# Marriage in trouble..



## TwoOnTheBorder (17 d ago)

My husband and I have been married for a year this time. Previously we were married for 16 and divorced for a year. During our previous marriage he was extremely abusive. Physically and mentally. When we divorced and got back together it was because everything had changed. We’ve been married a little over a year now. Our sex life has stopped. Our togetherness has stopped. We’ve had a lot on our plate the last few months months but we moved back to his home town. I broke my leg. I’m on the men with no cast now. I’ve talked to him about it three times that it bothers me. Having a sex life is important to me. The first time he says he had Ed. He had medication for it yet never took it. The second was bc I was in a cast. Now it’s bc he doesn’t want to hurt me. I’ve asked him if I’m attractive, he says yes. But makes no move to change the situation. I’ve tried and have been rejected multiple times. Where do we go from here??


----------



## gameopoly5 (5 mo ago)

TwoOnTheBorder said:


> My husband and I have been married for a year this time.
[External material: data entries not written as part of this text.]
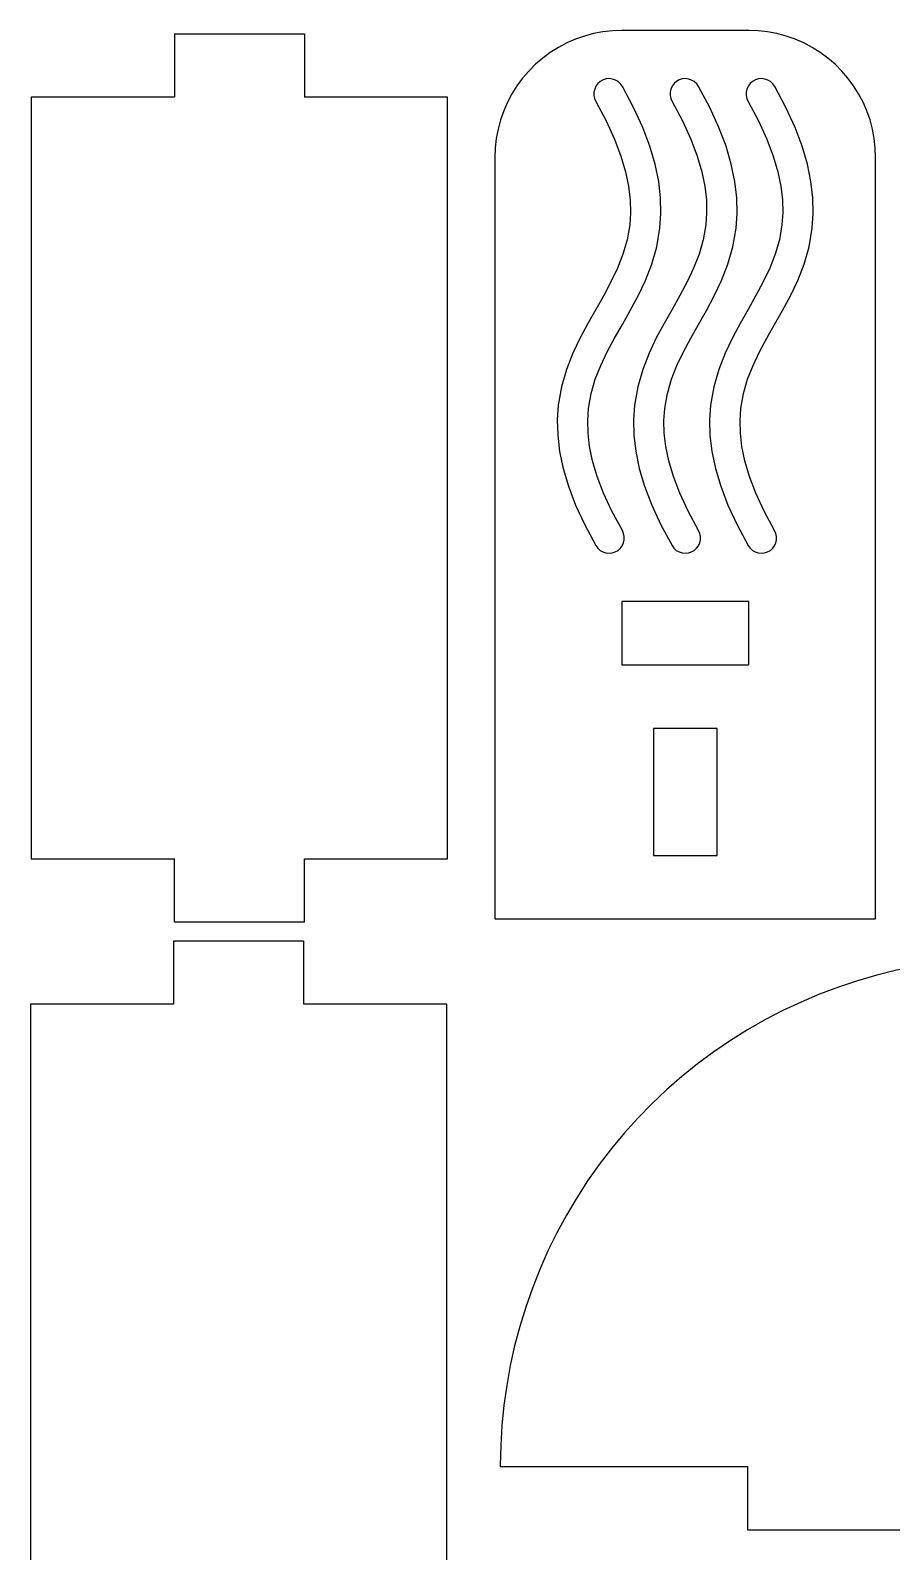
# Model space of a CAD drawing. Header units: millimetres. Extents: x -3928 to -434, y -548 to 1409.
# Drawn here: x -1845.2 to -1777.3, y 804.1 to 924 of the extents above; entities that cross this region are included whole.
import ezdxf

# ---------------------------------------------------------------- set-up
doc = ezdxf.new("R2010")
doc.units = ezdxf.units.MM
doc.header["$MEASUREMENT"] = 0
doc.layers.add('layer 1', color=7, linetype='Continuous')

msp = doc.modelspace()

# ---------------------------------------------------------------- linework, layer by layer
at = {"layer": 'layer 1', "color": 1, "lineweight": 25}
for points in [[(-1833.8545, 923.732), (-1833.8545, 923.732), (-1823.6045, 923.732), (-1823.6045, 923.732)], [(-1833.8545, 923.732), (-1833.8545, 923.732), (-1833.8545, 918.732), (-1833.8545, 918.732)], [(-1823.6045, 923.732), (-1823.6045, 923.732), (-1823.6045, 918.732), (-1823.6045, 918.732)], [(-1788.6, 923.9934), (-1788.6, 923.9934), (-1798.5999, 923.9934), (-1798.5999, 923.9934)], [(-1845.1296, 918.732), (-1845.1296, 918.732), (-1845.1296, 858.7319), (-1845.1296, 858.7319)], [(-1833.8545, 918.732), (-1833.8545, 918.732), (-1845.1296, 918.732), (-1845.1296, 918.732)], [(-1812.3294, 918.732), (-1812.3294, 918.732), (-1823.6045, 918.732), (-1823.6045, 918.732)], [(-1812.3294, 858.7319), (-1812.3294, 858.7319), (-1812.3294, 918.732), (-1812.3294, 918.732)], [(-1808.5997, 913.9935), (-1808.5997, 913.9935), (-1808.5997, 853.9934), (-1808.5997, 853.9934)], [(-1778.5998, 853.9934), (-1778.5998, 853.9934), (-1778.5998, 913.9935), (-1778.5998, 913.9935)], [(-1798.5999, 878.9934), (-1798.5999, 878.9934), (-1798.5999, 873.9935), (-1798.5999, 873.9935)], [(-1788.6, 878.9934), (-1788.6, 878.9934), (-1798.5999, 878.9934), (-1798.5999, 878.9934)], [(-1788.6, 873.9935), (-1788.6, 873.9935), (-1788.6, 878.9934), (-1788.6, 878.9934)], [(-1798.5999, 873.9935), (-1798.5999, 873.9935), (-1788.6, 873.9935), (-1788.6, 873.9935)], [(-1796.0997, 868.9932), (-1796.0997, 868.9932), (-1796.0997, 858.9934), (-1796.0997, 858.9934)], [(-1791.0998, 868.9932), (-1791.0998, 868.9932), (-1796.0997, 868.9932), (-1796.0997, 868.9932)], [(-1791.0998, 858.9934), (-1791.0998, 858.9934), (-1791.0998, 868.9932), (-1791.0998, 868.9932)], [(-1845.1296, 858.7319), (-1845.1296, 858.7319), (-1833.8545, 858.7319), (-1833.8545, 858.7319)], [(-1833.8545, 853.732), (-1833.8545, 853.732), (-1833.8545, 858.7319), (-1833.8545, 858.7319)], [(-1823.6045, 853.732), (-1823.6045, 853.732), (-1823.6045, 858.7319), (-1823.6045, 858.7319)], [(-1823.6045, 858.7319), (-1823.6045, 858.7319), (-1812.3294, 858.7319), (-1812.3294, 858.7319)], [(-1796.0997, 858.9934), (-1796.0997, 858.9934), (-1791.0998, 858.9934), (-1791.0998, 858.9934)], [(-1823.6045, 853.732), (-1823.6045, 853.732), (-1833.8545, 853.732), (-1833.8545, 853.732)], [(-1808.5997, 853.9934), (-1808.5997, 853.9934), (-1778.5998, 853.9934), (-1778.5998, 853.9934)], [(-1833.9221, 852.2551), (-1833.9221, 852.2551), (-1823.6721, 852.2551), (-1823.6721, 852.2551)], [(-1833.9221, 852.2551), (-1833.9221, 852.2551), (-1833.9221, 847.2552), (-1833.9221, 847.2552)], [(-1823.6721, 852.2551), (-1823.6721, 852.2551), (-1823.6721, 847.2552), (-1823.6721, 847.2552)], [(-1845.1972, 847.2552), (-1845.1972, 847.2552), (-1845.1972, 787.2551), (-1845.1972, 787.2551)], [(-1833.9221, 847.2552), (-1833.9221, 847.2552), (-1845.1972, 847.2552), (-1845.1972, 847.2552)], [(-1812.397, 847.2552), (-1812.397, 847.2552), (-1823.6721, 847.2552), (-1823.6721, 847.2552)], [(-1812.397, 787.2551), (-1812.397, 787.2551), (-1812.397, 847.2552), (-1812.397, 847.2552)], [(-1808.1753, 810.9098), (-1808.1753, 810.9098), (-1808.1753, 810.8315), (-1808.1753, 810.8315)], [(-1808.1753, 810.8315), (-1808.1753, 810.8315), (-1788.6755, 810.8315), (-1788.6755, 810.8315)], [(-1788.6755, 805.8315), (-1788.6755, 805.8315), (-1788.6755, 810.8315), (-1788.6755, 810.8315)], [(-1747.6753, 805.8315), (-1747.6753, 805.8315), (-1788.6755, 805.8315), (-1788.6755, 805.8315)]]:
    msp.add_open_spline(points, degree=3, dxfattribs=at)
for points, knots in [([(-1798.5999, 923.9934), (-1798.5999, 923.9934), (-1799.3471, 923.9655), (-1799.3471, 923.9655), (-1799.3471, 923.9655), (-1799.3471, 923.9655), (-1800.0904, 923.8815), (-1800.0904, 923.8815), (-1800.0904, 923.8815), (-1800.0904, 923.8815), (-1800.8252, 923.7425), (-1800.8252, 923.7425), (-1800.8252, 923.7425), (-1800.8252, 923.7425), (-1801.5473, 923.5492), (-1801.5473, 923.5492), (-1801.5473, 923.5492), (-1801.5473, 923.5492), (-1802.2532, 923.3023), (-1802.2532, 923.3023), (-1802.2532, 923.3023), (-1802.2532, 923.3023), (-1802.9387, 923.0031), (-1802.9387, 923.0031), (-1802.9387, 923.0031), (-1802.9387, 923.0031), (-1803.5998, 922.6535), (-1803.5998, 922.6535), (-1803.5998, 922.6535), (-1803.5998, 922.6535), (-1804.233, 922.2556), (-1804.233, 922.2556), (-1804.233, 922.2556), (-1804.233, 922.2556), (-1804.8349, 921.8118), (-1804.8349, 921.8118), (-1804.8349, 921.8118), (-1804.8349, 921.8118), (-1805.4018, 921.3239), (-1805.4018, 921.3239), (-1805.4018, 921.3239), (-1805.4018, 921.3239), (-1805.9306, 920.7951), (-1805.9306, 920.7951), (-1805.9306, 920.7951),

Previously we were married for 16 and divorced for a year. During our previous marriage he was extremely abusive. Physically and mentally. When we divorced and got back together it was because everything had changed. We’ve been married a little over a year now. Our sex life has stopped. Our togetherness has stopped. We’ve had a lot on our plate the last few months months but we moved back to his home town. I broke my leg. I’m on the men with no cast now. I’ve talked to him about it three times that it bothers me. Having a sex life is important to me. The first time he says he had Ed. He had medication for it yet never took it. The second was bc I was in a cast. Now it’s bc he doesn’t want to hurt me. I’ve asked him if I’m attractive, he says yes. But makes no move to change the situation. I’ve tried and have been rejected multiple times. Where do we go from here??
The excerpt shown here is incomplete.